---- Task inputs
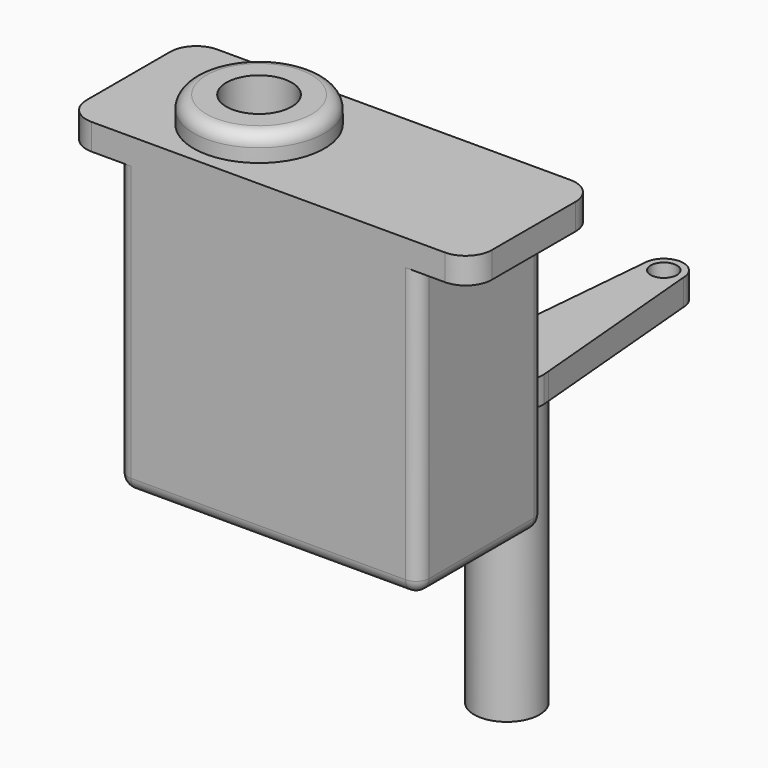
from build123d import *

# Parameters (mm, degrees)
F0_W      = 23
F0_H      = 22
F1_DEPTH  = 12
F2_R      = 1
F3_R      = 2
F5_DEPTH  = 2
F7_R      = 2.5
F8_DEPTH  = 20
F9_R      = 2.5
F10_DEPTH = 21
F12_DEPTH = 2


# Not quite as in the source:
# - a fillet or chamfer that OpenCascade refuses, or shapes differently, is made with other operations: its cross-section is extruded or revolved along the edge and cut away or added


with BuildPart() as f1:
    # F0 (on Front) → F1 (new body)
    with BuildSketch(Plane.XZ):
        Polygon((-53.2299494938, 49.2620729506), (-30.2299494938, 49.2620729506), (-26.2299494938, 49.2620729506), (-26.2299494938, 51.2620729506), (-57.2299494938, 51.2620729506), (-57.2299494938, 49.2620729506), align=None)
        with Locations((-41.7299494938, 38.2620729506)):
            Rectangle(F0_W, F0_H)
    extrude(amount=F1_DEPTH)

    # F2
    f2_edges = [f1.edges().sort_by_distance(p)[0] for p in [
        (-53.229949, -12, 38.262073),
        (-30.229949, -12, 38.262073),
        (-53.229949, 0, 38.262073),
        (-30.229949, 0, 38.262073),
        (-41.729949, -12, 27.262073),
        (-53.229949, -6, 27.262073),
        (-30.229949, -6, 27.262073),
        (-41.729949, 0, 27.262073),
    ]]
    fillet(f2_edges, radius=F2_R)

    # F3
    f3_edges = [f1.edges().sort_by_distance(p)[0] for p in [
        (-26.229949, -12, 50.262073),
        (-26.229949, 0, 50.262073),
        (-57.229949, -12, 50.262073),
        (-57.229949, 0, 50.262073),
    ]]
    fillet(f3_edges, radius=F3_R)

    # F4 (on face) → F5 (join)
    with BuildSketch(Plane.XY.offset(51.2620729506)):
        with BuildLine():
            ThreePointArc((-42.2299494938, -6), (-47.2299494938, -1), (-52.2299494938, -6))
            ThreePointArc((-52.2299494938, -6), (-47.2299494938, -11), (-42.2299494938, -6))
        make_face()
    extrude(amount=F5_DEPTH)

    # F6: fillet of radius 1 on 1 edges, made by hand

    # F6_s1 → F6_t2 (revolve, cut)
    with BuildSketch(Plane.XZ.offset(6)):
        with BuildLine():
            ThreePointArc((-42.2295494938, 52.2611072652), (-42.5228427126, 52.9691797318), (-43.2309151792, 53.2624729506))
            Line((-43.2309151792, 53.2624729506), (-43.2309151792, 53.3626095191))
            ThreePointArc((-43.2309151792, 53.3626095191), (-42.7304323365, 53.3622095191), (-42.2299494938, 53.3622095191))
            Line((-42.2299494938, 53.3622095191), (-42.1298129252, 53.2620729506))
            ThreePointArc((-42.1298129252, 53.2620729506), (-42.1298129252, 52.7615901079), (-42.1294129252, 52.2611072652))
            Line((-42.1294129252, 52.2611072652), (-42.2295494938, 52.2611072652))
        make_face()
    revolve(axis=Axis((-47.2299494938, -6, 53.2620729506), (0, 0, -1)), mode=Mode.SUBTRACT)

    # F7 (on face) → F8 (cut)
    with BuildSketch(Plane.XY.offset(53.2620729506)):
        with Locations((-47.2299494938, -6)):
            Circle(F7_R)
    extrude(amount=-F8_DEPTH, mode=Mode.SUBTRACT)


with BuildPart() as f10:
    # F9 (on Top) → F10 (new body)
    with BuildSketch(Plane.XY):
        with Locations((-50.499279052, 21.7643305659)):
            Circle(F9_R)
    extrude(amount=F10_DEPTH)

    # F11 (on face) → F12 (join)
    with BuildSketch(Plane.XY.offset(21)):
        with BuildLine():
            Line((-50.499279052, 35.2643305659), (-50.499279052, 24.5955677889))
            ThreePointArc((-50.499279052, 24.5955677889), (-48.6821090098, 23.9354586715), (-47.7122932643, 22.2629430725))
            Line((-47.7122932643, 22.2629430725), (-48.999279052, 36.7643305659))
            ThreePointArc((-48.999279052, 36.7643305659), (-49.4386188802, 35.7036703941), (-50.499279052, 35.2643305659))
        make_face()
        with BuildLine():
            ThreePointArc((-53.2862648398, 22.2629430725), (-52.3164490942, 23.9354586715), (-50.499279052, 24.5955677889))
            Line((-50.499279052, 24.5955677889), (-50.499279052, 35.2643305659))
            ThreePointArc((-50.499279052, 35.2643305659), (-51.5599392238, 35.7036703941), (-51.999279052, 36.7643305659))
            Line((-51.999279052, 36.7643305659), (-53.2862648398, 22.2629430725))
        make_face()
        with BuildLine():
            ThreePointArc((-47.7122932643, 22.2629430725), (-48.6821090098, 23.9354586715), (-50.499279052, 24.5955677889))
            ThreePointArc((-50.499279052, 24.5955677889), (-52.3164490942, 23.9354586715), (-53.2862648398, 22.2629430725))
            Line((-53.2862648398, 22.2629430725), (-53.330516275, 21.7643305659))
            ThreePointArc((-53.330516275, 21.7643305659), (-50.499279052, 18.9330933429), (-47.668041829, 21.7643305659))
            Line((-47.668041829, 21.7643305659), (-47.7122932643, 22.2629430725))
        make_face()
        with BuildLine():
            ThreePointArc((-47.999279052, 21.7643305659), (-52.267046005, 19.996563613), (-50.499279052, 24.2643305659))
            ThreePointArc((-50.499279052, 24.2643305659), (-48.7315120991, 23.5320975189), (-47.999279052, 21.7643305659))
        make_face(mode=Mode.SUBTRACT)
        with BuildLine():
            ThreePointArc((-47.999279052, 21.7643305659), (-48.7315120991, 23.5320975189), (-50.499279052, 24.2643305659))
            ThreePointArc((-50.499279052, 24.2643305659), (-52.267046005, 19.996563613), (-47.999279052, 21.7643305659))
        make_face()
        with BuildLine():
            ThreePointArc((-51.999279052, 36.7643305659), (-51.5599392238, 35.7036703941), (-50.499279052, 35.2643305659))
            ThreePointArc((-50.499279052, 35.2643305659), (-49.4386188802, 35.7036703941), (-48.999279052, 36.7643305659))
            ThreePointArc((-48.999279052, 36.7643305659), (-50.499279052, 38.2643305659), (-51.999279052, 36.7643305659))
        make_face()
        with BuildLine():
            ThreePointArc((-49.499279052, 36.7643305659), (-49.7921722708, 36.0572237847), (-50.499279052, 35.7643305659))
            ThreePointArc((-50.499279052, 35.7643305659), (-51.2063858332, 37.4714373471), (-49.499279052, 36.7643305659))
        make_face(mode=Mode.SUBTRACT)
    extrude(amount=F12_DEPTH)


solid = Compound([f1.part, f10.part])
--------
The response must hold only the lines above from the line with "f2_edges = [f1.edges().sort_by_distance(p)[0]" through the line with "53.2624729506), (-43.2309151792, 53.3626095191))", each copied exactly, both ends kept.

Answer for the task:
    f2_edges = [f1.edges().sort_by_distance(p)[0] for p in [
        (-53.229949, -12, 38.262073),
        (-30.229949, -12, 38.262073),
        (-53.229949, 0, 38.262073),
        (-30.229949, 0, 38.262073),
        (-41.729949, -12, 27.262073),
        (-53.229949, -6, 27.262073),
        (-30.229949, -6, 27.262073),
        (-41.729949, 0, 27.262073),
    ]]
    fillet(f2_edges, radius=F2_R)

    # F3
    f3_edges = [f1.edges().sort_by_distance(p)[0] for p in [
        (-26.229949, -12, 50.262073),
        (-26.229949, 0, 50.262073),
        (-57.229949, -12, 50.262073),
        (-57.229949, 0, 50.262073),
    ]]
    fillet(f3_edges, radius=F3_R)

    # F4 (on face) → F5 (join)
    with BuildSketch(Plane.XY.offset(51.2620729506)):
        with BuildLine():
            ThreePointArc((-42.2299494938, -6), (-47.2299494938, -1), (-52.2299494938, -6))
            ThreePointArc((-52.2299494938, -6), (-47.2299494938, -11), (-42.2299494938, -6))
        make_face()
    extrude(amount=F5_DEPTH)

    # F6: fillet of radius 1 on 1 edges, made by hand

    # F6_s1 → F6_t2 (revolve, cut)
    with BuildSketch(Plane.XZ.offset(6)):
        with BuildLine():
            ThreePointArc((-42.2295494938, 52.2611072652), (-42.5228427126, 52.9691797318), (-43.2309151792, 53.2624729506))
            Line((-43.2309151792, 53.2624729506), (-43.2309151792, 53.3626095191))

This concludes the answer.